What is needed: Restate, word for word, the lines from the opening line of the data through the line containing "Planta [(m/s)/V] : TransferFcn", both included, and nothing else.

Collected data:
# # #
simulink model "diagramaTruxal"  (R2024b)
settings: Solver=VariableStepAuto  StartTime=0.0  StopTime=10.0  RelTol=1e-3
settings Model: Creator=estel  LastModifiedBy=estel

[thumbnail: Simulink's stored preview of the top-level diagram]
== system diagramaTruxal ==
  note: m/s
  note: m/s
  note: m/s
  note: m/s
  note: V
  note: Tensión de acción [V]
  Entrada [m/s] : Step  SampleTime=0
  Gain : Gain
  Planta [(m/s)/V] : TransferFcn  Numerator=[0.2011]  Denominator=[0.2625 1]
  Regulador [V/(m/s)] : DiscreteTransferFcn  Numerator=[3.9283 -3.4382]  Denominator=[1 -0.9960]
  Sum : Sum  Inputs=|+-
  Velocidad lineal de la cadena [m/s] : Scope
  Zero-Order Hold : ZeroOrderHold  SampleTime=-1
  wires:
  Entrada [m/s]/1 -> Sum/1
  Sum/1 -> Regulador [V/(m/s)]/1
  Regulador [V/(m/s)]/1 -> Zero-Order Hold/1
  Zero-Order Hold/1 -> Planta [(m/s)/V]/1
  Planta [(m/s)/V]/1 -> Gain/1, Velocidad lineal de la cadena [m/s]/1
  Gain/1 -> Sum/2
# # #
Answer to this exercise:
simulink model "diagramaTruxal"  (R2024b)
settings: Solver=VariableStepAuto  StartTime=0.0  StopTime=10.0  RelTol=1e-3
settings Model: Creator=estel  LastModifiedBy=estel

[thumbnail: Simulink's stored preview of the top-level diagram]
== system diagramaTruxal ==
  note: m/s
  note: m/s
  note: m/s
  note: m/s
  note: V
  note: Tensión de acción [V]
  Entrada [m/s] : Step  SampleTime=0
  Gain : Gain
  Planta [(m/s)/V] : TransferFcn  Numerator=[0.2011]  Denominator=[0.2625 1]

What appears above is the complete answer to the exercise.